PROMPT »
The expected output is exactly the lines below, starting at the line with "#186=ORIENTED_EDGE('',*,*,#134,.F.);" and ending at the line with "#210=EDGE_LOOP('',(#196,#202,#203,#209));", both included; no other line belongs in it.

EXTRACTED RECORDS »
-------
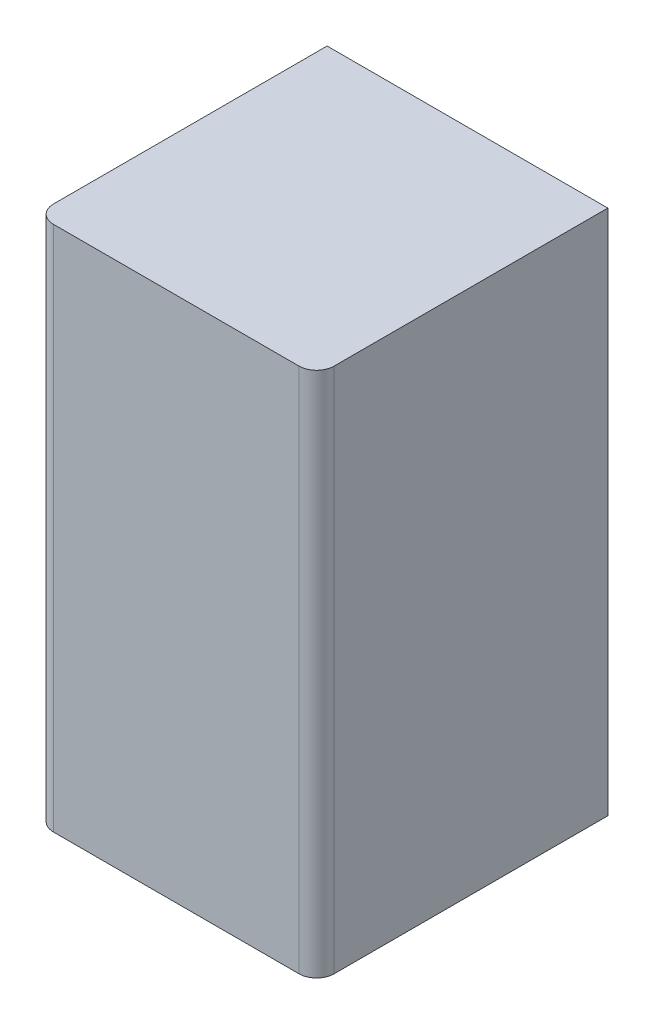
ISO-10303-21;
HEADER;
FILE_DESCRIPTION(('STEP AP214'),'2;1');
FILE_NAME('part.step','',(''),(''),'','','');
FILE_SCHEMA(('AUTOMOTIVE_DESIGN { 1 0 10303 214 1 1 1 1 }'));
ENDSEC;
DATA;
#1=APPLICATION_CONTEXT('core data for automotive mechanical design processes');
#2=APPLICATION_PROTOCOL_DEFINITION('international standard','automotive_design',2000,#1);
#3=PRODUCT_CONTEXT('',#1,'mechanical');
#4=PRODUCT('Part','Part','',(#3));
#5=PRODUCT_RELATED_PRODUCT_CATEGORY('part','',(#4));
#6=PRODUCT_DEFINITION_FORMATION('','',#4);
#7=PRODUCT_DEFINITION_CONTEXT('part definition',#1,'design');
#8=PRODUCT_DEFINITION('design','',#6,#7);
#9=PRODUCT_DEFINITION_SHAPE('','',#8);
#10=(LENGTH_UNIT() NAMED_UNIT(*) SI_UNIT(.MILLI.,.METRE.));
#11=(NAMED_UNIT(*) PLANE_ANGLE_UNIT() SI_UNIT($,.RADIAN.));
#12=(NAMED_UNIT(*) SI_UNIT($,.STERADIAN.) SOLID_ANGLE_UNIT());
#13=UNCERTAINTY_MEASURE_WITH_UNIT(LENGTH_MEASURE(1.E-05),#10,'distance_accuracy_value','');
#14=(GEOMETRIC_REPRESENTATION_CONTEXT(3) GLOBAL_UNCERTAINTY_ASSIGNED_CONTEXT((#13)) GLOBAL_UNIT_ASSIGNED_CONTEXT((#10,
#11,#12)) REPRESENTATION_CONTEXT('',''));
#15=CARTESIAN_POINT('',(0.,0.,0.));
#16=DIRECTION('',(0.,0.,1.));
#17=DIRECTION('',(1.,0.,0.));
#18=AXIS2_PLACEMENT_3D('',#15,#16,#17);
#19=CARTESIAN_POINT('',(-8.,15.,0.1));
#20=DIRECTION('',(1.,0.,0.));
#21=DIRECTION('',(0.,1.,0.));
#22=AXIS2_PLACEMENT_3D('',#19,#20,#21);
#23=PLANE('',#22);
#24=DIRECTION('',(0.,0.,-1.));
#25=VECTOR('',#24,1.);
#26=CARTESIAN_POINT('',(-7.99999999999999,-15.,0.1));
#27=LINE('',#26,#25);
#28=CARTESIAN_POINT('',(-7.99999999999999,-15.,15.6));
#29=VERTEX_POINT('',#28);
#30=CARTESIAN_POINT('',(-7.99999999999999,-15.,0.));
#31=VERTEX_POINT('',#30);
#32=EDGE_CURVE('E87',#29,#31,#27,.T.);
#33=ORIENTED_EDGE('',*,*,#32,.F.);
#34=DIRECTION('',(0.,-1.,0.));
#35=VECTOR('',#34,1.);
#36=CARTESIAN_POINT('',(-8.,15.,15.6));
#37=LINE('',#36,#35);
#38=CARTESIAN_POINT('',(-8.,15.,15.6));
#39=VERTEX_POINT('',#38);
#40=EDGE_CURVE('E58',#29,#39,#37,.F.);
#41=ORIENTED_EDGE('',*,*,#40,.T.);
#42=DIRECTION('',(0.,0.,-1.));
#43=VECTOR('',#42,1.);
#44=CARTESIAN_POINT('',(-8.,15.,0.1));
#45=LINE('',#44,#43);
#46=CARTESIAN_POINT('',(-8.,15.,0.));
#47=VERTEX_POINT('',#46);
#48=EDGE_CURVE('E107',#39,#47,#45,.T.);
#49=ORIENTED_EDGE('',*,*,#48,.T.);
#50=DIRECTION('',(0.,-1.,0.));
#51=VECTOR('',#50,1.);
#52=CARTESIAN_POINT('',(-8.,15.,0.));
#53=LINE('',#52,#51);
#54=EDGE_CURVE('E103',#47,#31,#53,.T.);
#55=ORIENTED_EDGE('',*,*,#54,.T.);
#56=EDGE_LOOP('',(#33,#41,#49,#55));
#57=FACE_BOUND('',#56,.T.);
#58=ADVANCED_FACE('F35',(#57),#23,.F.);
#59=CARTESIAN_POINT('',(-7.99999999999999,-15.,0.1));
#60=DIRECTION('',(0.,1.,0.));
#61=DIRECTION('',(-1.,0.,0.));
#62=AXIS2_PLACEMENT_3D('',#59,#60,#61);
#63=PLANE('',#62);
#64=DIRECTION('',(1.,0.,0.));
#65=VECTOR('',#64,1.);
#66=CARTESIAN_POINT('',(-8.,-15.,16.6));
#67=LINE('',#66,#65);
#68=CARTESIAN_POINT('',(-6.99999999999999,-15.,16.6));
#69=VERTEX_POINT('',#68);
#70=CARTESIAN_POINT('',(7.00000000000001,-15.,16.6));
#71=VERTEX_POINT('',#70);
#72=EDGE_CURVE('E112',#69,#71,#67,.T.);
#73=ORIENTED_EDGE('',*,*,#72,.F.);
#74=CARTESIAN_POINT('',(-6.99999999999999,-15.,15.6));
#75=DIRECTION('',(0.,1.,0.));
#76=DIRECTION('',(-1.,0.,0.));
#77=AXIS2_PLACEMENT_3D('',#74,#75,#76);
#78=CIRCLE('',#77,1.);
#79=EDGE_CURVE('E94',#69,#29,#78,.F.);
#80=ORIENTED_EDGE('',*,*,#79,.T.);
#81=ORIENTED_EDGE('',*,*,#32,.T.);
#82=DIRECTION('',(1.,0.,0.));
#83=VECTOR('',#82,1.);
#84=CARTESIAN_POINT('',(-7.99999999999999,-15.,0.));
#85=LINE('',#84,#83);
#86=CARTESIAN_POINT('',(8.00000000000001,-15.,0.));
#87=VERTEX_POINT('',#86);
#88=EDGE_CURVE('E92',#31,#87,#85,.T.);
#89=ORIENTED_EDGE('',*,*,#88,.T.);
#90=DIRECTION('',(0.,0.,-1.));
#91=VECTOR('',#90,1.);
#92=CARTESIAN_POINT('',(8.00000000000001,-15.,0.1));
#93=LINE('',#92,#91);
#94=CARTESIAN_POINT('',(8.00000000000001,-15.,15.6));
#95=VERTEX_POINT('',#94);
#96=EDGE_CURVE('E97',#95,#87,#93,.T.);
#97=ORIENTED_EDGE('',*,*,#96,.F.);
#98=CARTESIAN_POINT('',(7.00000000000001,-15.,15.6));
#99=DIRECTION('',(0.,1.,0.));
#100=DIRECTION('',(-1.,0.,0.));
#101=AXIS2_PLACEMENT_3D('',#98,#99,#100);
#102=CIRCLE('',#101,1.);
#103=EDGE_CURVE('E128',#95,#71,#102,.F.);
#104=ORIENTED_EDGE('',*,*,#103,.T.);
#105=EDGE_LOOP('',(#73,#80,#81,#89,#97,#104));
#106=FACE_BOUND('',#105,.T.);
#107=ADVANCED_FACE('F90',(#106),#63,.F.);
#108=CARTESIAN_POINT('',(8.00000000000001,-15.,0.1));
#109=DIRECTION('',(-1.,0.,0.));
#110=DIRECTION('',(0.,-1.,0.));
#111=AXIS2_PLACEMENT_3D('',#108,#109,#110);
#112=PLANE('',#111);
#113=DIRECTION('',(0.,0.,-1.));
#114=VECTOR('',#113,1.);
#115=CARTESIAN_POINT('',(8.,15.,0.1));
#116=LINE('',#115,#114);
#117=CARTESIAN_POINT('',(8.,15.,15.6));
#118=VERTEX_POINT('',#117);
#119=CARTESIAN_POINT('',(8.,15.,0.));
#120=VERTEX_POINT('',#119);
#121=EDGE_CURVE('E120',#118,#120,#116,.T.);
#122=ORIENTED_EDGE('',*,*,#121,.F.);
#123=DIRECTION('',(0.,1.,0.));
#124=VECTOR('',#123,1.);
#125=CARTESIAN_POINT('',(8.00000000000001,-15.,15.6));
#126=LINE('',#125,#124);
#127=EDGE_CURVE('E11',#118,#95,#126,.F.);
#128=ORIENTED_EDGE('',*,*,#127,.T.);
#129=ORIENTED_EDGE('',*,*,#96,.T.);
#130=DIRECTION('',(0.,1.,0.));
#131=VECTOR('',#130,1.);
#132=CARTESIAN_POINT('',(8.00000000000001,-15.,0.));
#133=LINE('',#132,#131);
#134=EDGE_CURVE('E105',#87,#120,#133,.T.);
#135=ORIENTED_EDGE('',*,*,#134,.T.);
#136=EDGE_LOOP('',(#122,#128,#129,#135));
#137=FACE_BOUND('',#136,.T.);
#138=ADVANCED_FACE('F153',(#137),#112,.F.);
#139=CARTESIAN_POINT('',(-8.,15.,0.1));
#140=DIRECTION('',(0.,-1.,0.));
#141=DIRECTION('',(1.,0.,0.));
#142=AXIS2_PLACEMENT_3D('',#139,#140,#141);
#143=PLANE('',#142);
#144=ORIENTED_EDGE('',*,*,#48,.F.);
#145=CARTESIAN_POINT('',(-7.,15.,15.6));
#146=DIRECTION('',(0.,-1.,0.));
#147=DIRECTION('',(1.,0.,0.));
#148=AXIS2_PLACEMENT_3D('',#145,#146,#147);
#149=CIRCLE('',#148,1.);
#150=CARTESIAN_POINT('',(-7.,15.,16.6));
#151=VERTEX_POINT('',#150);
#152=EDGE_CURVE('E43',#39,#151,#149,.F.);
#153=ORIENTED_EDGE('',*,*,#152,.T.);
#154=DIRECTION('',(-1.,0.,0.));
#155=VECTOR('',#154,1.);
#156=CARTESIAN_POINT('',(-8.,15.,16.6));
#157=LINE('',#156,#155);
#158=CARTESIAN_POINT('',(7.,15.,16.6));
#159=VERTEX_POINT('',#158);
#160=EDGE_CURVE('E109',#159,#151,#157,.T.);
#161=ORIENTED_EDGE('',*,*,#160,.F.);
#162=CARTESIAN_POINT('',(7.,15.,15.6));
#163=DIRECTION('',(0.,-1.,0.));
#164=DIRECTION('',(1.,0.,0.));
#165=AXIS2_PLACEMENT_3D('',#162,#163,#164);
#166=CIRCLE('',#165,1.);
#167=EDGE_CURVE('E50',#159,#118,#166,.F.);
#168=ORIENTED_EDGE('',*,*,#167,.T.);
#169=ORIENTED_EDGE('',*,*,#121,.T.);
#170=DIRECTION('',(-1.,0.,0.));
#171=VECTOR('',#170,1.);
#172=CARTESIAN_POINT('',(-8.,15.,0.));
#173=LINE('',#172,#171);
#174=EDGE_CURVE('E117',#120,#47,#173,.T.);
#175=ORIENTED_EDGE('',*,*,#174,.T.);
#176=EDGE_LOOP('',(#144,#153,#161,#168,#169,#175));
#177=FACE_BOUND('',#176,.T.);
#178=ADVANCED_FACE('F133',(#177),#143,.F.);
#179=CARTESIAN_POINT('',(-7.99999999999999,-15.,0.));
#180=DIRECTION('',(0.,0.,1.));
#181=DIRECTION('',(1.,0.,0.));
#182=AXIS2_PLACEMENT_3D('',#179,#180,#181);
#183=PLANE('',#182);
#184=ORIENTED_EDGE('',*,*,#54,.F.);
#185=ORIENTED_EDGE('',*,*,#174,.F.);
#186=ORIENTED_EDGE('',*,*,#134,.F.);
#187=ORIENTED_EDGE('',*,*,#88,.F.);
#188=EDGE_LOOP('',(#184,#185,#186,#187));
#189=FACE_BOUND('',#188,.T.);
#190=ADVANCED_FACE('F101',(#189),#183,.F.);
#191=CARTESIAN_POINT('',(-8.,15.,16.6));
#192=DIRECTION('',(0.,0.,1.));
#193=DIRECTION('',(1.,0.,0.));
#194=AXIS2_PLACEMENT_3D('',#191,#192,#193);
#195=PLANE('',#194);
#196=ORIENTED_EDGE('',*,*,#160,.T.);
#197=DIRECTION('',(0.,-1.,0.));
#198=VECTOR('',#197,1.);
#199=CARTESIAN_POINT('',(-6.99999999999999,-15.,16.6));
#200=LINE('',#199,#198);
#201=EDGE_CURVE('E125',#151,#69,#200,.T.);
#202=ORIENTED_EDGE('',*,*,#201,.T.);
#203=ORIENTED_EDGE('',*,*,#72,.T.);
#204=DIRECTION('',(0.,1.,0.));
#205=VECTOR('',#204,1.);
#206=CARTESIAN_POINT('',(7.,15.,16.6));
#207=LINE('',#206,#205);
#208=EDGE_CURVE('E96',#71,#159,#207,.T.);
#209=ORIENTED_EDGE('',*,*,#208,.T.);
#210=EDGE_LOOP('',(#196,#202,#203,#209));
#211=FACE_BOUND('',#210,.T.);
#212=ADVANCED_FACE('F137',(#211),#195,.T.);
#213=CARTESIAN_POINT('',(-7.,15.,15.6));
#214=DIRECTION('',(0.,1.,0.));
#215=DIRECTION('',(-1.,0.,0.));
#216=AXIS2_PLACEMENT_3D('',#213,#214,#215);
#217=CYLINDRICAL_SURFACE('',#216,1.);
#218=ORIENTED_EDGE('',*,*,#152,.F.);
#219=ORIENTED_EDGE('',*,*,#40,.F.);
#220=ORIENTED_EDGE('',*,*,#79,.F.);
#221=ORIENTED_EDGE('',*,*,#201,.F.);
#222=EDGE_LOOP('',(#218,#219,#220,#221));
#223=FACE_BOUND('',#222,.T.);
#224=ADVANCED_FACE('F140',(#223),#217,.T.);
#225=CARTESIAN_POINT('',(7.,15.,15.6));
#226=DIRECTION('',(0.,-1.,0.));
#227=DIRECTION('',(1.,0.,0.));
#228=AXIS2_PLACEMENT_3D('',#225,#226,#227);
#229=CYLINDRICAL_SURFACE('',#228,1.);
#230=ORIENTED_EDGE('',*,*,#103,.F.);
#231=ORIENTED_EDGE('',*,*,#127,.F.);
#232=ORIENTED_EDGE('',*,*,#167,.F.);
#233=ORIENTED_EDGE('',*,*,#208,.F.);
#234=EDGE_LOOP('',(#230,#231,#232,#233));
#235=FACE_BOUND('',#234,.T.);
#236=ADVANCED_FACE('F37',(#235),#229,.T.);
#237=CLOSED_SHELL('',(#58,#107,#138,#178,#190,#212,#224,#236));
#238=MANIFOLD_SOLID_BREP('B2',#237);
#239=ADVANCED_BREP_SHAPE_REPRESENTATION('',(#18,#238),#14);
#240=SHAPE_DEFINITION_REPRESENTATION(#9,#239);
ENDSEC;
END-ISO-10303-21;
-------
RESULT »
#186=ORIENTED_EDGE('',*,*,#134,.F.);
#187=ORIENTED_EDGE('',*,*,#88,.F.);
#188=EDGE_LOOP('',(#184,#185,#186,#187));
#189=FACE_BOUND('',#188,.T.);
#190=ADVANCED_FACE('F101',(#189),#183,.F.);
#191=CARTESIAN_POINT('',(-8.,15.,16.6));
#192=DIRECTION('',(0.,0.,1.));
#193=DIRECTION('',(1.,0.,0.));
#194=AXIS2_PLACEMENT_3D('',#191,#192,#193);
#195=PLANE('',#194);
#196=ORIENTED_EDGE('',*,*,#160,.T.);
#197=DIRECTION('',(0.,-1.,0.));
#198=VECTOR('',#197,1.);
#199=CARTESIAN_POINT('',(-6.99999999999999,-15.,16.6));
#200=LINE('',#199,#198);
#201=EDGE_CURVE('E125',#151,#69,#200,.T.);
#202=ORIENTED_EDGE('',*,*,#201,.T.);
#203=ORIENTED_EDGE('',*,*,#72,.T.);
#204=DIRECTION('',(0.,1.,0.));
#205=VECTOR('',#204,1.);
#206=CARTESIAN_POINT('',(7.,15.,16.6));
#207=LINE('',#206,#205);
#208=EDGE_CURVE('E96',#71,#159,#207,.T.);
#209=ORIENTED_EDGE('',*,*,#208,.T.);
#210=EDGE_LOOP('',(#196,#202,#203,#209));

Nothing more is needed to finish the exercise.